Read more: Dianne Taylor, Guardian,

Pregnant and Disabled Asylum Seekers Placed in Hotels for Months During Lockdown

Hundreds of asylum seekers including pregnant women, disabled people and young children have been living in hotels across the UK for months, where they are restricted to set meals and given no financial support for travel and basic essentials, The Independent can reveal. People waiting for decisions on their asylum claims began being moved into dozens of hotels at the end of March, after the Home Office ordered its asylum housing contractors to source additional accommodation in anticipation of backlogs in the system following the decision to pause asylum evictions in response to Covid-19. Charities have warned of a deterioration in mental health and wellbeing among those in the 33 hotels that have been procured by the contractors across the country. While in the hotels, asylum seekers are stripped of their financial support of £5.39 a day on the basis that they are provided with meals, leaving them unable to buy additional supplies such as toiletries and baby milk, and unable to use public transport.
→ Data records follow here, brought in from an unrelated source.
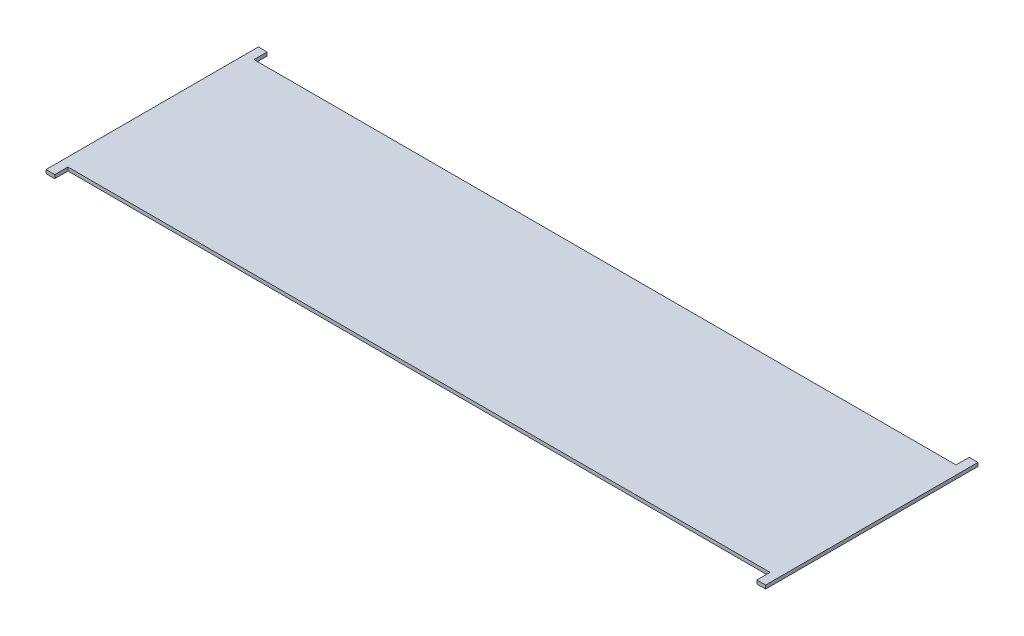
ISO-10303-21;
HEADER;
FILE_DESCRIPTION(('STEP AP214'),'2;1');
FILE_NAME('part.step','',(''),(''),'','','');
FILE_SCHEMA(('AUTOMOTIVE_DESIGN { 1 0 10303 214 1 1 1 1 }'));
ENDSEC;
DATA;
#1=APPLICATION_CONTEXT('core data for automotive mechanical design processes');
#2=APPLICATION_PROTOCOL_DEFINITION('international standard','automotive_design',2000,#1);
#3=PRODUCT_CONTEXT('',#1,'mechanical');
#4=PRODUCT('Part','Part','',(#3));
#5=PRODUCT_RELATED_PRODUCT_CATEGORY('part','',(#4));
#6=PRODUCT_DEFINITION_FORMATION('','',#4);
#7=PRODUCT_DEFINITION_CONTEXT('part definition',#1,'design');
#8=PRODUCT_DEFINITION('design','',#6,#7);
#9=PRODUCT_DEFINITION_SHAPE('','',#8);
#10=(LENGTH_UNIT() NAMED_UNIT(*) SI_UNIT(.MILLI.,.METRE.));
#11=(NAMED_UNIT(*) PLANE_ANGLE_UNIT() SI_UNIT($,.RADIAN.));
#12=(NAMED_UNIT(*) SI_UNIT($,.STERADIAN.) SOLID_ANGLE_UNIT());
#13=UNCERTAINTY_MEASURE_WITH_UNIT(LENGTH_MEASURE(1.E-05),#10,'distance_accuracy_value','');
#14=(GEOMETRIC_REPRESENTATION_CONTEXT(3) GLOBAL_UNCERTAINTY_ASSIGNED_CONTEXT((#13)) GLOBAL_UNIT_ASSIGNED_CONTEXT((#10,
#11,#12)) REPRESENTATION_CONTEXT('',''));
#15=CARTESIAN_POINT('',(0.,0.,0.));
#16=DIRECTION('',(0.,0.,1.));
#17=DIRECTION('',(1.,0.,0.));
#18=AXIS2_PLACEMENT_3D('',#15,#16,#17);
#19=CARTESIAN_POINT('',(0.,-1.,-212.));
#20=DIRECTION('',(0.,0.,-1.));
#21=DIRECTION('',(-1.,0.,0.));
#22=AXIS2_PLACEMENT_3D('',#19,#20,#21);
#23=PLANE('',#22);
#24=DIRECTION('',(-1.,0.,0.));
#25=VECTOR('',#24,1.);
#26=CARTESIAN_POINT('',(0.,3.,-212.));
#27=LINE('',#26,#25);
#28=CARTESIAN_POINT('',(800.,3.,-212.));
#29=VERTEX_POINT('',#28);
#30=CARTESIAN_POINT('',(0.,3.,-212.));
#31=VERTEX_POINT('',#30);
#32=EDGE_CURVE('E311',#29,#31,#27,.T.);
#33=ORIENTED_EDGE('',*,*,#32,.F.);
#34=DIRECTION('',(0.,1.,0.));
#35=VECTOR('',#34,1.);
#36=CARTESIAN_POINT('',(800.,-1.,-212.));
#37=LINE('',#36,#35);
#38=CARTESIAN_POINT('',(800.,-1.,-212.));
#39=VERTEX_POINT('',#38);
#40=EDGE_CURVE('E356',#39,#29,#37,.T.);
#41=ORIENTED_EDGE('',*,*,#40,.F.);
#42=DIRECTION('',(-1.,0.,0.));
#43=VECTOR('',#42,1.);
#44=CARTESIAN_POINT('',(0.,-1.,-212.));
#45=LINE('',#44,#43);
#46=CARTESIAN_POINT('',(0.,-1.,-212.));
#47=VERTEX_POINT('',#46);
#48=EDGE_CURVE('E335',#39,#47,#45,.T.);
#49=ORIENTED_EDGE('',*,*,#48,.T.);
#50=DIRECTION('',(0.,1.,0.));
#51=VECTOR('',#50,1.);
#52=CARTESIAN_POINT('',(0.,-1.,-212.));
#53=LINE('',#52,#51);
#54=EDGE_CURVE('E354',#47,#31,#53,.T.);
#55=ORIENTED_EDGE('',*,*,#54,.T.);
#56=EDGE_LOOP('',(#33,#41,#49,#55));
#57=FACE_BOUND('',#56,.T.);
#58=ADVANCED_FACE('F181',(#57),#23,.T.);
#59=CARTESIAN_POINT('',(0.,-1.,0.));
#60=DIRECTION('',(0.,0.,1.));
#61=DIRECTION('',(1.,0.,0.));
#62=AXIS2_PLACEMENT_3D('',#59,#60,#61);
#63=PLANE('',#62);
#64=DIRECTION('',(1.,0.,0.));
#65=VECTOR('',#64,1.);
#66=CARTESIAN_POINT('',(0.,3.,0.));
#67=LINE('',#66,#65);
#68=CARTESIAN_POINT('',(0.,3.,0.));
#69=VERTEX_POINT('',#68);
#70=CARTESIAN_POINT('',(800.,3.,0.));
#71=VERTEX_POINT('',#70);
#72=EDGE_CURVE('E324',#69,#71,#67,.T.);
#73=ORIENTED_EDGE('',*,*,#72,.F.);
#74=DIRECTION('',(0.,1.,0.));
#75=VECTOR('',#74,1.);
#76=CARTESIAN_POINT('',(0.,-1.,0.));
#77=LINE('',#76,#75);
#78=CARTESIAN_POINT('',(0.,-1.,0.));
#79=VERTEX_POINT('',#78);
#80=EDGE_CURVE('E191',#79,#69,#77,.T.);
#81=ORIENTED_EDGE('',*,*,#80,.F.);
#82=DIRECTION('',(1.,0.,0.));
#83=VECTOR('',#82,1.);
#84=CARTESIAN_POINT('',(0.,-1.,0.));
#85=LINE('',#84,#83);
#86=CARTESIAN_POINT('',(800.,-1.,0.));
#87=VERTEX_POINT('',#86);
#88=EDGE_CURVE('E282',#79,#87,#85,.T.);
#89=ORIENTED_EDGE('',*,*,#88,.T.);
#90=DIRECTION('',(0.,1.,0.));
#91=VECTOR('',#90,1.);
#92=CARTESIAN_POINT('',(800.,-1.,0.));
#93=LINE('',#92,#91);
#94=EDGE_CURVE('E12',#87,#71,#93,.T.);
#95=ORIENTED_EDGE('',*,*,#94,.T.);
#96=EDGE_LOOP('',(#73,#81,#89,#95));
#97=FACE_BOUND('',#96,.T.);
#98=ADVANCED_FACE('F415',(#97),#63,.T.);
#99=CARTESIAN_POINT('',(800.,-1.,0.));
#100=DIRECTION('',(1.,0.,0.));
#101=DIRECTION('',(0.,0.,-1.));
#102=AXIS2_PLACEMENT_3D('',#99,#100,#101);
#103=PLANE('',#102);
#104=DIRECTION('',(0.,0.,-1.));
#105=VECTOR('',#104,1.);
#106=CARTESIAN_POINT('',(800.,3.,0.));
#107=LINE('',#106,#105);
#108=CARTESIAN_POINT('',(800.,3.,-227.));
#109=VERTEX_POINT('',#108);
#110=EDGE_CURVE('E309',#29,#109,#107,.T.);
#111=ORIENTED_EDGE('',*,*,#110,.T.);
#112=DIRECTION('',(0.,1.,0.));
#113=VECTOR('',#112,1.);
#114=CARTESIAN_POINT('',(800.,-1.,-227.));
#115=LINE('',#114,#113);
#116=CARTESIAN_POINT('',(800.,-1.,-227.));
#117=VERTEX_POINT('',#116);
#118=EDGE_CURVE('E365',#117,#109,#115,.T.);
#119=ORIENTED_EDGE('',*,*,#118,.F.);
#120=DIRECTION('',(0.,0.,-1.));
#121=VECTOR('',#120,1.);
#122=CARTESIAN_POINT('',(800.,-1.,0.));
#123=LINE('',#122,#121);
#124=EDGE_CURVE('E339',#39,#117,#123,.T.);
#125=ORIENTED_EDGE('',*,*,#124,.F.);
#126=ORIENTED_EDGE('',*,*,#40,.T.);
#127=EDGE_LOOP('',(#111,#119,#125,#126));
#128=FACE_BOUND('',#127,.T.);
#129=ADVANCED_FACE('F406',(#128),#103,.F.);
#130=CARTESIAN_POINT('',(0.,-1.,-227.));
#131=DIRECTION('',(0.,0.,1.));
#132=DIRECTION('',(1.,0.,0.));
#133=AXIS2_PLACEMENT_3D('',#130,#131,#132);
#134=PLANE('',#133);
#135=DIRECTION('',(1.,0.,0.));
#136=VECTOR('',#135,1.);
#137=CARTESIAN_POINT('',(0.,3.,-227.));
#138=LINE('',#137,#136);
#139=CARTESIAN_POINT('',(810.,3.,-227.));
#140=VERTEX_POINT('',#139);
#141=EDGE_CURVE('E307',#109,#140,#138,.T.);
#142=ORIENTED_EDGE('',*,*,#141,.T.);
#143=DIRECTION('',(0.,1.,0.));
#144=VECTOR('',#143,1.);
#145=CARTESIAN_POINT('',(810.,-1.,-227.));
#146=LINE('',#145,#144);
#147=CARTESIAN_POINT('',(810.,-1.,-227.));
#148=VERTEX_POINT('',#147);
#149=EDGE_CURVE('E350',#148,#140,#146,.T.);
#150=ORIENTED_EDGE('',*,*,#149,.F.);
#151=DIRECTION('',(1.,0.,0.));
#152=VECTOR('',#151,1.);
#153=CARTESIAN_POINT('',(0.,-1.,-227.));
#154=LINE('',#153,#152);
#155=EDGE_CURVE('E390',#117,#148,#154,.T.);
#156=ORIENTED_EDGE('',*,*,#155,.F.);
#157=ORIENTED_EDGE('',*,*,#118,.T.);
#158=EDGE_LOOP('',(#142,#150,#156,#157));
#159=FACE_BOUND('',#158,.T.);
#160=ADVANCED_FACE('F407',(#159),#134,.F.);
#161=CARTESIAN_POINT('',(810.,-1.,0.));
#162=DIRECTION('',(-1.,0.,0.));
#163=DIRECTION('',(0.,0.,1.));
#164=AXIS2_PLACEMENT_3D('',#161,#162,#163);
#165=PLANE('',#164);
#166=DIRECTION('',(0.,0.,1.));
#167=VECTOR('',#166,1.);
#168=CARTESIAN_POINT('',(810.,3.,0.));
#169=LINE('',#168,#167);
#170=CARTESIAN_POINT('',(810.,3.,15.));
#171=VERTEX_POINT('',#170);
#172=EDGE_CURVE('E305',#140,#171,#169,.T.);
#173=ORIENTED_EDGE('',*,*,#172,.T.);
#174=DIRECTION('',(0.,1.,0.));
#175=VECTOR('',#174,1.);
#176=CARTESIAN_POINT('',(810.,-1.,15.));
#177=LINE('',#176,#175);
#178=CARTESIAN_POINT('',(810.,-1.,15.));
#179=VERTEX_POINT('',#178);
#180=EDGE_CURVE('E345',#179,#171,#177,.T.);
#181=ORIENTED_EDGE('',*,*,#180,.F.);
#182=DIRECTION('',(0.,0.,1.));
#183=VECTOR('',#182,1.);
#184=CARTESIAN_POINT('',(810.,-1.,0.));
#185=LINE('',#184,#183);
#186=EDGE_CURVE('E380',#148,#179,#185,.T.);
#187=ORIENTED_EDGE('',*,*,#186,.F.);
#188=ORIENTED_EDGE('',*,*,#149,.T.);
#189=EDGE_LOOP('',(#173,#181,#187,#188));
#190=FACE_BOUND('',#189,.T.);
#191=ADVANCED_FACE('F378',(#190),#165,.F.);
#192=CARTESIAN_POINT('',(0.,-1.,15.));
#193=DIRECTION('',(0.,0.,-1.));
#194=DIRECTION('',(-1.,0.,0.));
#195=AXIS2_PLACEMENT_3D('',#192,#193,#194);
#196=PLANE('',#195);
#197=DIRECTION('',(-1.,0.,0.));
#198=VECTOR('',#197,1.);
#199=CARTESIAN_POINT('',(0.,3.,15.));
#200=LINE('',#199,#198);
#201=CARTESIAN_POINT('',(800.,3.,15.));
#202=VERTEX_POINT('',#201);
#203=EDGE_CURVE('E303',#171,#202,#200,.T.);
#204=ORIENTED_EDGE('',*,*,#203,.T.);
#205=DIRECTION('',(0.,1.,0.));
#206=VECTOR('',#205,1.);
#207=CARTESIAN_POINT('',(800.,-1.,15.));
#208=LINE('',#207,#206);
#209=CARTESIAN_POINT('',(800.,-1.,15.));
#210=VERTEX_POINT('',#209);
#211=EDGE_CURVE('E343',#210,#202,#208,.T.);
#212=ORIENTED_EDGE('',*,*,#211,.F.);
#213=DIRECTION('',(-1.,0.,0.));
#214=VECTOR('',#213,1.);
#215=CARTESIAN_POINT('',(0.,-1.,15.));
#216=LINE('',#215,#214);
#217=EDGE_CURVE('E250',#179,#210,#216,.T.);
#218=ORIENTED_EDGE('',*,*,#217,.F.);
#219=ORIENTED_EDGE('',*,*,#180,.T.);
#220=EDGE_LOOP('',(#204,#212,#218,#219));
#221=FACE_BOUND('',#220,.T.);
#222=ADVANCED_FACE('F388',(#221),#196,.F.);
#223=CARTESIAN_POINT('',(800.,-1.,0.));
#224=DIRECTION('',(1.,0.,0.));
#225=DIRECTION('',(0.,0.,-1.));
#226=AXIS2_PLACEMENT_3D('',#223,#224,#225);
#227=PLANE('',#226);
#228=DIRECTION('',(0.,0.,-1.));
#229=VECTOR('',#228,1.);
#230=CARTESIAN_POINT('',(800.,3.,0.));
#231=LINE('',#230,#229);
#232=EDGE_CURVE('E301',#202,#71,#231,.T.);
#233=ORIENTED_EDGE('',*,*,#232,.T.);
#234=ORIENTED_EDGE('',*,*,#94,.F.);
#235=DIRECTION('',(0.,0.,-1.));
#236=VECTOR('',#235,1.);
#237=CARTESIAN_POINT('',(800.,-1.,0.));
#238=LINE('',#237,#236);
#239=EDGE_CURVE('E200',#210,#87,#238,.T.);
#240=ORIENTED_EDGE('',*,*,#239,.F.);
#241=ORIENTED_EDGE('',*,*,#211,.T.);
#242=EDGE_LOOP('',(#233,#234,#240,#241));
#243=FACE_BOUND('',#242,.T.);
#244=ADVANCED_FACE('F183',(#243),#227,.F.);
#245=CARTESIAN_POINT('',(0.,3.,0.));
#246=DIRECTION('',(0.,1.,0.));
#247=DIRECTION('',(0.,0.,1.));
#248=AXIS2_PLACEMENT_3D('',#245,#246,#247);
#249=PLANE('',#248);
#250=DIRECTION('',(0.,0.,1.));
#251=VECTOR('',#250,1.);
#252=CARTESIAN_POINT('',(0.,3.,0.));
#253=LINE('',#252,#251);
#254=CARTESIAN_POINT('',(0.,3.,15.));
#255=VERTEX_POINT('',#254);
#256=EDGE_CURVE('E287',#69,#255,#253,.T.);
#257=ORIENTED_EDGE('',*,*,#256,.F.);
#258=ORIENTED_EDGE('',*,*,#72,.T.);
#259=ORIENTED_EDGE('',*,*,#232,.F.);
#260=ORIENTED_EDGE('',*,*,#203,.F.);
#261=ORIENTED_EDGE('',*,*,#172,.F.);
#262=ORIENTED_EDGE('',*,*,#141,.F.);
#263=ORIENTED_EDGE('',*,*,#110,.F.);
#264=ORIENTED_EDGE('',*,*,#32,.T.);
#265=CARTESIAN_POINT('',(0.,3.,-227.));
#266=VERTEX_POINT('',#265);
#267=EDGE_CURVE('E318',#266,#31,#253,.T.);
#268=ORIENTED_EDGE('',*,*,#267,.F.);
#269=DIRECTION('',(-1.,0.,0.));
#270=VECTOR('',#269,1.);
#271=CARTESIAN_POINT('',(0.,3.,-227.));
#272=LINE('',#271,#270);
#273=CARTESIAN_POINT('',(-10.,3.,-227.));
#274=VERTEX_POINT('',#273);
#275=EDGE_CURVE('E314',#266,#274,#272,.T.);
#276=ORIENTED_EDGE('',*,*,#275,.T.);
#277=DIRECTION('',(0.,0.,1.));
#278=VECTOR('',#277,1.);
#279=CARTESIAN_POINT('',(-10.,3.,0.));
#280=LINE('',#279,#278);
#281=CARTESIAN_POINT('',(-10.,3.,15.));
#282=VERTEX_POINT('',#281);
#283=EDGE_CURVE('E572',#274,#282,#280,.T.);
#284=ORIENTED_EDGE('',*,*,#283,.T.);
#285=DIRECTION('',(-1.,0.,0.));
#286=VECTOR('',#285,1.);
#287=CARTESIAN_POINT('',(0.,3.,15.));
#288=LINE('',#287,#286);
#289=EDGE_CURVE('E325',#255,#282,#288,.T.);
#290=ORIENTED_EDGE('',*,*,#289,.F.);
#291=EDGE_LOOP('',(#257,#258,#259,#260,#261,#262,#263,#264,#268,#276,#284,#290));
#292=FACE_BOUND('',#291,.T.);
#293=ADVANCED_FACE('F386',(#292),#249,.T.);
#294=CARTESIAN_POINT('',(0.,-1.,0.));
#295=DIRECTION('',(-1.,0.,0.));
#296=DIRECTION('',(0.,0.,1.));
#297=AXIS2_PLACEMENT_3D('',#294,#295,#296);
#298=PLANE('',#297);
#299=ORIENTED_EDGE('',*,*,#267,.T.);
#300=ORIENTED_EDGE('',*,*,#54,.F.);
#301=DIRECTION('',(0.,0.,1.));
#302=VECTOR('',#301,1.);
#303=CARTESIAN_POINT('',(0.,-1.,0.));
#304=LINE('',#303,#302);
#305=CARTESIAN_POINT('',(0.,-1.,-227.));
#306=VERTEX_POINT('',#305);
#307=EDGE_CURVE('E332',#306,#47,#304,.T.);
#308=ORIENTED_EDGE('',*,*,#307,.F.);
#309=DIRECTION('',(0.,1.,0.));
#310=VECTOR('',#309,1.);
#311=CARTESIAN_POINT('',(0.,-1.,-227.));
#312=LINE('',#311,#310);
#313=EDGE_CURVE('E355',#306,#266,#312,.T.);
#314=ORIENTED_EDGE('',*,*,#313,.T.);
#315=EDGE_LOOP('',(#299,#300,#308,#314));
#316=FACE_BOUND('',#315,.T.);
#317=ADVANCED_FACE('F399',(#316),#298,.F.);
#318=ORIENTED_EDGE('',*,*,#256,.T.);
#319=DIRECTION('',(0.,1.,0.));
#320=VECTOR('',#319,1.);
#321=CARTESIAN_POINT('',(0.,-1.,15.));
#322=LINE('',#321,#320);
#323=CARTESIAN_POINT('',(0.,-1.,15.));
#324=VERTEX_POINT('',#323);
#325=EDGE_CURVE('E285',#324,#255,#322,.T.);
#326=ORIENTED_EDGE('',*,*,#325,.F.);
#327=EDGE_CURVE('E275',#79,#324,#304,.T.);
#328=ORIENTED_EDGE('',*,*,#327,.F.);
#329=ORIENTED_EDGE('',*,*,#80,.T.);
#330=EDGE_LOOP('',(#318,#326,#328,#329));
#331=FACE_BOUND('',#330,.T.);
#332=ADVANCED_FACE('F286',(#331),#298,.F.);
#333=CARTESIAN_POINT('',(0.,-1.,15.));
#334=DIRECTION('',(0.,0.,-1.));
#335=DIRECTION('',(-1.,0.,0.));
#336=AXIS2_PLACEMENT_3D('',#333,#334,#335);
#337=PLANE('',#336);
#338=ORIENTED_EDGE('',*,*,#289,.T.);
#339=DIRECTION('',(0.,1.,0.));
#340=VECTOR('',#339,1.);
#341=CARTESIAN_POINT('',(-10.,-1.,15.));
#342=LINE('',#341,#340);
#343=CARTESIAN_POINT('',(-10.,-1.,15.));
#344=VERTEX_POINT('',#343);
#345=EDGE_CURVE('E291',#344,#282,#342,.T.);
#346=ORIENTED_EDGE('',*,*,#345,.F.);
#347=DIRECTION('',(-1.,0.,0.));
#348=VECTOR('',#347,1.);
#349=CARTESIAN_POINT('',(0.,-1.,15.));
#350=LINE('',#349,#348);
#351=EDGE_CURVE('E280',#324,#344,#350,.T.);
#352=ORIENTED_EDGE('',*,*,#351,.F.);
#353=ORIENTED_EDGE('',*,*,#325,.T.);
#354=EDGE_LOOP('',(#338,#346,#352,#353));
#355=FACE_BOUND('',#354,.T.);
#356=ADVANCED_FACE('F293',(#355),#337,.F.);
#357=CARTESIAN_POINT('',(-10.,-1.,0.));
#358=DIRECTION('',(-1.,0.,0.));
#359=DIRECTION('',(0.,0.,1.));
#360=AXIS2_PLACEMENT_3D('',#357,#358,#359);
#361=PLANE('',#360);
#362=ORIENTED_EDGE('',*,*,#283,.F.);
#363=DIRECTION('',(0.,1.,0.));
#364=VECTOR('',#363,1.);
#365=CARTESIAN_POINT('',(-10.,-1.,-227.));
#366=LINE('',#365,#364);
#367=CARTESIAN_POINT('',(-10.,-1.,-227.));
#368=VERTEX_POINT('',#367);
#369=EDGE_CURVE('E363',#368,#274,#366,.T.);
#370=ORIENTED_EDGE('',*,*,#369,.F.);
#371=DIRECTION('',(0.,0.,1.));
#372=VECTOR('',#371,1.);
#373=CARTESIAN_POINT('',(-10.,-1.,0.));
#374=LINE('',#373,#372);
#375=EDGE_CURVE('E295',#368,#344,#374,.T.);
#376=ORIENTED_EDGE('',*,*,#375,.T.);
#377=ORIENTED_EDGE('',*,*,#345,.T.);
#378=EDGE_LOOP('',(#362,#370,#376,#377));
#379=FACE_BOUND('',#378,.T.);
#380=ADVANCED_FACE('F427',(#379),#361,.T.);
#381=CARTESIAN_POINT('',(0.,-1.,-227.));
#382=DIRECTION('',(0.,0.,-1.));
#383=DIRECTION('',(-1.,0.,0.));
#384=AXIS2_PLACEMENT_3D('',#381,#382,#383);
#385=PLANE('',#384);
#386=ORIENTED_EDGE('',*,*,#275,.F.);
#387=ORIENTED_EDGE('',*,*,#313,.F.);
#388=DIRECTION('',(-1.,0.,0.));
#389=VECTOR('',#388,1.);
#390=CARTESIAN_POINT('',(0.,-1.,-227.));
#391=LINE('',#390,#389);
#392=EDGE_CURVE('E297',#306,#368,#391,.T.);
#393=ORIENTED_EDGE('',*,*,#392,.T.);
#394=ORIENTED_EDGE('',*,*,#369,.T.);
#395=EDGE_LOOP('',(#386,#387,#393,#394));
#396=FACE_BOUND('',#395,.T.);
#397=ADVANCED_FACE('F424',(#396),#385,.T.);
#398=CARTESIAN_POINT('',(0.,-1.,0.));
#399=DIRECTION('',(0.,1.,0.));
#400=DIRECTION('',(0.,0.,1.));
#401=AXIS2_PLACEMENT_3D('',#398,#399,#400);
#402=PLANE('',#401);
#403=ORIENTED_EDGE('',*,*,#307,.T.);
#404=ORIENTED_EDGE('',*,*,#48,.F.);
#405=ORIENTED_EDGE('',*,*,#124,.T.);
#406=ORIENTED_EDGE('',*,*,#155,.T.);
#407=ORIENTED_EDGE('',*,*,#186,.T.);
#408=ORIENTED_EDGE('',*,*,#217,.T.);
#409=ORIENTED_EDGE('',*,*,#239,.T.);
#410=ORIENTED_EDGE('',*,*,#88,.F.);
#411=ORIENTED_EDGE('',*,*,#327,.T.);
#412=ORIENTED_EDGE('',*,*,#351,.T.);
#413=ORIENTED_EDGE('',*,*,#375,.F.);
#414=ORIENTED_EDGE('',*,*,#392,.F.);
#415=EDGE_LOOP('',(#403,#404,#405,#406,#407,#408,#409,#410,#411,#412,#413,#414));
#416=FACE_BOUND('',#415,.T.);
#417=ADVANCED_FACE('F277',(#416),#402,.F.);
#418=CLOSED_SHELL('',(#58,#98,#129,#160,#191,#222,#244,#293,#317,#332,#356,#380,#397,#417));
#419=MANIFOLD_SOLID_BREP('B2',#418);
#420=ADVANCED_BREP_SHAPE_REPRESENTATION('',(#18,#419),#14);
#421=SHAPE_DEFINITION_REPRESENTATION(#9,#420);
ENDSEC;
END-ISO-10303-21;

The Home Office admitted on Wednesday that there may be problems around leaving people without financial support for three months, with the second permanent secretary telling MPs that the immigration minister was “looking at” the issue. All three contractors, Mears, Serco and Clearsprings, have raised concern about the cuts to asylum support. It comes after concerns about the conditions for asylum seekers living in hotels were heightened in the wake of an unprovoked knife attack at one of the hotels in Glasgow, where a resident stabbed three other asylum seekers, two staff and a police officer.

Read more: May Bulman, Independent,

Denial of Women's Concerns Contributed to Decades of Medical Scandals

An arrogant culture in which serious medical complications were dismissed as “women’s problems” contributed to a string of healthcare scandals over several decades, an inquiry ordered by the government has found. The review of vaginal mesh, hormonal pregnancy tests and an anti-epilepsy medicine that harmed unborn babies paints a damning picture of a medical establishment that failed to acknowledge problems even in the face of mounting safety concerns, leading to avoidable harm to patients. Instead, women routinely had symptoms attributed to psychological issues or it being “that time of life”, with “anything and everything women suffer perceived as a natural precursor to, part of, or a post-symptomatic phase of, the menopause”, the inquiry heard. “For the women concerned, this was tantamount to a complete denial of their concerns and being written off by a system that was supposed to care,” the review, chaired by Baroness Julia Cumberlege, concluded.

The Independent Medicines and Medical Devices Safety Review was ordered by the then health secretary, Jeremy Hunt, in 2018 amid concerns about vaginal mesh operations. The implants were marketed as a less invasive treatment for urinary incontinence and prolapse – conditions that are commonly linked to childbirth – but the Guardian revealed that many women were left with traumatic complications following the surgery. The review also focused on Primodos, a hormone pregnancy test taken by women between the 1950s and 1978, associated with damage to children born to mothers who took it, and sodium valproate, a treatment for epilepsy known to cause harm to babies if taken during pregnancy. Cumberlege said the pain experienced by so many women and their families was beyond anything she had previously encountered. “Much of this suffering was entirely avoidable, caused and compounded by failings in the health system itself,” she said. “We couldn’t believe that people had gone through so much agony and suffering and had been ignored. We did believe them.” It was notable that all three cases primarily affected women, she added. “As women, we know when things are not right with our bodies,” she said. “We are the first to know. When that information is ignored, it is simply belittling and adds to the suffering.”